Install Python: If Python isn’t on your system yet, we can download it from python.org. During installation, we’ll ensure the option to add Python to our PATH is checked—this makes it easier to use from the terminal.
Install NumPy: We’ll open a terminal (or Command Prompt on Windows) and run:

   pip install numpy

This tells Python’s package manager (pip) to fetch and install NumPy for us.

Choose an Editor: We’ll pick a tool to write our code. Options include:
- IDLE: It comes with Python—just search for it after installation.
- VS Code: A free, popular editor available at code.visualstudio.com.
- Or any text editor we prefer!
Test the Setup: To confirm everything works, we’ll create a file (e.g., test.py) in our editor and add:

   import numpy as np
   print(np.__version__)

When we run it, seeing a version number (like 1.26.4) means we’re all set!

With our environment ready, we’re good to dive into NumPy!

What is NumPy?

NumPy is a Python library built for numerical computations. It gives us a special data structure called an ndarray (n-dimensional array), which is faster and more efficient than regular Python lists. It’s a cornerstone of data analysis in Python and pairs wonderfully with libraries like Pandas and Matplotlib.

To start using NumPy in our code, we’ll import it with:

import numpy as np  # 'np' is the common shortcut

Why Use NumPy?

Before we go further, let’s understand why NumPy is so valuable:

Speed: It’s incredibly fast for calculations, making our work efficient.
Ease: We won’t need complex loops—NumPy handles the heavy lifting for us.
Power: It offers a wealth of built-in functions to simplify data analysis.

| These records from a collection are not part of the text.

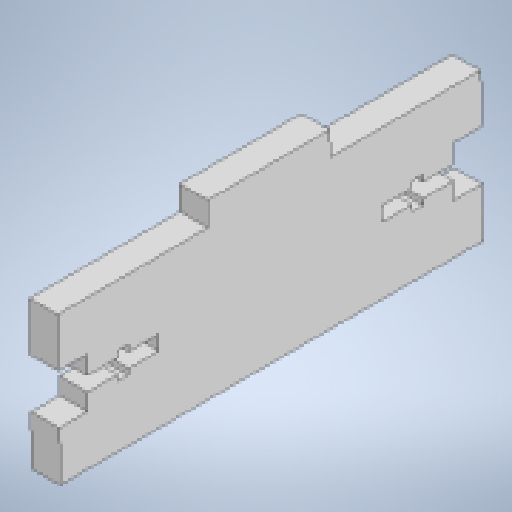
# Autodesk Inventor part: motor1
Saved by Autodesk Inventor 2023.1 (Build 271208000, 208)
## iProperties
Created: 2023-03-16
Part Number: motor1
Material: Типовые
Document SubType Name: Modeling
Designer: User
Density: 1 g/cm^3
Appearance: По умолчанию
Author: User
Autodesk Inventor part; units mm, degrees
ref_plane "РабПлоскость1" through (-327.803629, 8.784154, 215.836479) normal (0, 0, 1) x (1, 0, 0)
sketch "Эскиз1" plane through (-327.803629, 8.784154, 215.836479) normal (0, 0, 1) x (1, 0, 0)
  line L0 (3.114831, 11.166777) -> (2.944416, 21.498705)
  line L1 (2.944416, 21.498705) -> (-3.054768, 21.399754)
  line L2 (-3.054768, 21.399754) -> (-2.884353, 11.067826)
  line L3 (-2.884353, 11.067826) -> (3.114831, 11.166777)
  line L4 (-3.393221, 41.919489) -> (-3.225183, 31.731682)
  line L5 (2.774001, 31.830633) -> (2.605963, 42.01844)
  line L6 (-3.225183, 31.731682) -> (2.774001, 31.830633)
  line L7 (2.605963, 42.01844) -> (-3.393221, 41.919489)
  line L8 (2.774001, 31.830633) -> (2.605963, 42.01844) construction
  line L9 (-3.393221, 41.919489) -> (-3.225183, 31.731682) construction
  line L10 (3.114831, 11.166777) -> (2.944416, 21.498705) construction
  line L11 (-3.054768, 21.399754) -> (-2.884353, 11.067826) construction
  line L12 (6.149374, 48.077701) -> (19.433282, 48.296806) construction
  line L13 (2.605963, 42.01844) -> (6.248325, 42.078517) construction
  point P0 (327.803629, -8.784154)
  dimension "d16" = 6
  constraints: 16 end point
  measures "d16" distance between parallel lines of L13 L12
extrude "Выдавливание1" add sketch "Эскиз1" against normal blind 6
ref_plane "РабПлоскость2" through (-327.498735, 8.403036, 292.836479) normal (0, 0, -1) x (-0.999864, -0.0164918, 0)
sketch "Эскиз2" plane through (-327.498735, 8.403036, 292.836479) normal (0, 0, -1) x (-0.999864, -0.0164918, 0)
  line L0 (-3, 21.833317) -> (3, 21.833317)
  line L1 (3, 21.833317) -> (3, 11.499984)
  line L2 (3, 11.5) -> (-3, 11.5)
  line L3 (-3, 11.499984) -> (-3, 21.833317)
  line L4 (3, 32.16665) -> (-3, 32.16665)
  line L5 (-3, 32.16665) -> (-3, 42.355843)
  line L6 (-3, 42.5) -> (3, 42.5)
  line L7 (3, 42.355843) -> (3, 32.16665)
  line L8 (-3, 11.499984) -> (-3, 21.833317) construction
  line L9 (3, 21.833317) -> (3, 11.499984) construction
  line L10 (-3, 32.16665) -> (-3, 42.355843) construction
  line L11 (3, 42.355843) -> (3, 32.16665) construction
  point P0 (-327.315615, -13.802923)
  constraints: 4 end point
sketch "Эскиз2 outline for Выдавливание2" plane through (-327.498735, 8.403036, 292.836479) normal (0, 0, -1) x (-0.999864, -0.0164918, 0)
  line L0 (3, 32.16665) -> (3, 42.355843)
  line L1 (-3, 32.16665) -> (3, 32.16665)
  line L2 (-3, 42.355843) -> (-3, 32.16665)
  line L3 (3, 42.355843) -> (-3, 42.355843)
  line L4 (-3, 21.833317) -> (-3, 11.499984)
  line L5 (3, 21.833317) -> (-3, 21.833317)
  line L6 (3, 11.499984) -> (3, 21.833317)
  line L7 (-3, 11.499984) -> (3, 11.499984)
extrude "Выдавливание2" add sketch "Эскиз2 outline for Выдавливание2" against normal blind 6
sketch "Эскиз3" plane through (-327.498735, 8.403036, 292.836479) normal (0, 0, -1) x (-0.999864, -0.0164918, 0)
  line L0 (6.642857, 42.355843) -> (3, 42.355843)
  line L1 (-3, 32.166667) -> (-3, 21.833333)
  line L2 (-3, 21.833333) -> (3, 21.833333)
  line L3 (3, 21.833333) -> (3, 32.166667)
  line L4 (3, 32.166667) -> (-3, 32.166667)
  line L5 (-3, 42.355843) -> (3, 42.355843)
  line L6 (3, 42.355843) -> (3, 11.495073)
  line L7 (3, 11.495073) -> (-3, 11.495073)
  line L8 (-3, 11.495073) -> (-3, 42.355843)
  point P0 (-327.315615, -13.802923)
  point P1 (-3, 21.833333)
  point P2 (3, 21.833333)
  point P3 (3, 42.355843)
  constraints: 8 end point, 3 point on line, 2 parallel, 1 horizontal, 1 perpendicular
extrude "Выдавливание3" add sketch "Эскиз3" along normal up to surface (77 mm away)
sketch "Эскиз4" plane through (-331.19685, 50.703643, 209.836479) normal (-0.999864, -0.0164918, 0) x (0, 0, 1)
  line L0 (0, -14) -> (6, -14) construction
  line L1 (0, -17) -> (6, -17) construction
  line L2 (6, -17) -> (6, -14)
  line L3 (6, -14) -> (12.35, -14)
  line L4 (12.35, -14) -> (12.35, -12.75)
  line L5 (12.35, -12.75) -> (14.65, -12.75)
  line L6 (14.65, -12.75) -> (14.65, -14)
  line L7 (14.65, -14) -> (21, -14)
  line L8 (21, -14) -> (21, -17)
  line L9 (21, -17) -> (14.65, -17)
  line L10 (14.65, -17) -> (14.65, -18.25)
  line L11 (14.65, -18.25) -> (12.35, -18.25)
  line L12 (12.35, -18.25) -> (12.35, -17)
  line L13 (12.35, -17) -> (6, -17)
  line L14 (0, -20.522506) -> (0, -30.855843) construction
  line L15 (89, -10.189193) -> (89, 0) construction
  line L16 (0, -30.855843) -> (89, 0) construction
  line L17 (44.5, 0) -> (44.5, -30.855843) construction
  line L18 (89, -14) -> (83, -14) construction
  line L19 (89, -17) -> (83, -17) construction
  line L20 (83, -17) -> (83, -14)
  line L21 (83, -14) -> (76.65, -14)
  line L22 (76.65, -14) -> (76.65, -12.75)
  line L23 (76.65, -12.75) -> (74.35, -12.75)
  line L24 (74.35, -12.75) -> (74.35, -14)
  line L25 (74.35, -14) -> (68, -14)
  line L26 (68, -14) -> (68, -17)
  line L27 (68, -17) -> (74.35, -17)
  line L28 (74.35, -17) -> (74.35, -18.25)
  line L29 (74.35, -18.25) -> (76.65, -18.25)
  line L30 (76.65, -18.25) -> (76.65, -17)
  line L31 (76.65, -17) -> (83, -17)
  point P0 (-209.836479, -56.158766)
  point P1 (44.5, -15.427922)
  dimension "d9" = 2.3
  dimension "d10" = 5.5
  dimension "d11" = 15
  constraints: 62 end point, 14 point on line, 14 symmetric about line, 7 perpendicular, 3 horizontal, 2 collinear, 2 midpoint, 1 horizontal alignment, 1 vertical, 4 other
  measures "d9" distance of L10.end L11.end
  measures "d10" distance between parallel lines of L11 L5
  measures "d11" distance between parallel lines of L8 L2
extrude "Выдавливание4" cut sketch "Эскиз4" against normal blind 6
ref_plane "РабПлоскость3" through (-672.954973, 50.067364, -86.377936) normal (-0.0164918, 0.999864, 0) x (0, 0, 1)
sketch "Эскиз6" plane through (-325.197666, 50.802594, 298.836479) normal (-0.0164918, 0.999864, 0) x (0.999864, 0.0164918, 0)
  line L0 (-6, 89) -> (-6, 0) construction
  line L1 (0, 0) -> (0, 89) construction
  line L2 (-6, 32) -> (0, 32)
  line L3 (0, 32) -> (0, 57)
  line L4 (0, 57) -> (-6, 57)
  line L5 (-6, 57) -> (-6, 32)
  line L6 (0, 89) -> (-6, 89) projected
  line L7 (-3, 89) -> (-3, 57) construction
  line L8 (-3, 32) -> (-3, 0) construction
  line L9 (0, 0) -> (-6, 0) projected
  point P0 (324.315615, 298.836479)
  dimension "d17" = 25
  constraints: 12 end point, 4 midpoint, 3 point on line, 2 parallel, 1 collinear, 1 horizontal, 1 perpendicular
  measures "d17" distance between parallel lines of L2 L4
extrude "Выдавливание6" add sketch "Эскиз6" along normal blind 6
equation "\"d1\" = d0"
equation "\"d3\" = d0"
equation "\"d7\" = d0"
equation "\"d12\" = d3"
equation "\"d0\" = d16"

With these benefits in mind, let’s see what NumPy can do!

1. Creating NumPy Arrays

Arrays are the foundation of NumPy, and we’ll explore several ways to make them.

From a List

We can turn a regular Python list into a NumPy array to start working with it.

# Turning a list into a 1D array
array = np.array([1, 2, 3, 4])
print(array)

Breakdown:

np.array() transforms our list into a NumPy array.
Output: [1 2 3 4] — a 1D array, like a single row of numbers.

2D Array (Matrix)

We can also build a 2D array, which looks like a grid or matrix, using a list of lists.

# Building a 2D array with rows and columns
array_2d = np.array([[1, 2], [3, 4]])
print(array_2d)

Breakdown:

Each inner list becomes a row in our 2D array.
Output:

  [[1 2]
   [3 4]]

This gives us a 2x2 matrix.

Special Arrays

NumPy lets us quickly generate arrays with specific patterns, like all zeros, ones, or a sequence.

# Generating an array of zeros
zeros = np.zeros((2, 3))  # 2 rows, 3 columns
print(zeros)

# Generating an array of ones
ones = np.ones((3, 2))   # 3 rows, 2 columns
print(ones)

# Generating a range of numbers
range_array = np.arange(0, 10, 2)  # Start at 0, stop before 10, step by 2
print(range_array)

Breakdown:

np.zeros((2, 3)): Gives us a 2x3 array filled with 0.0.
- Output: [[0. 0. 0.] [0. 0. 0.]]
np.ones((3, 2)): Creates a 3x2 array of 1.0.
- Output: [[1. 1.] [1. 1.] [1. 1.]]
np.arange(0, 10, 2): Produces [0 2 4 6 8], similar to Python’s range() but as an array.

Random Arrays

For testing or simulations, we can generate arrays with random values.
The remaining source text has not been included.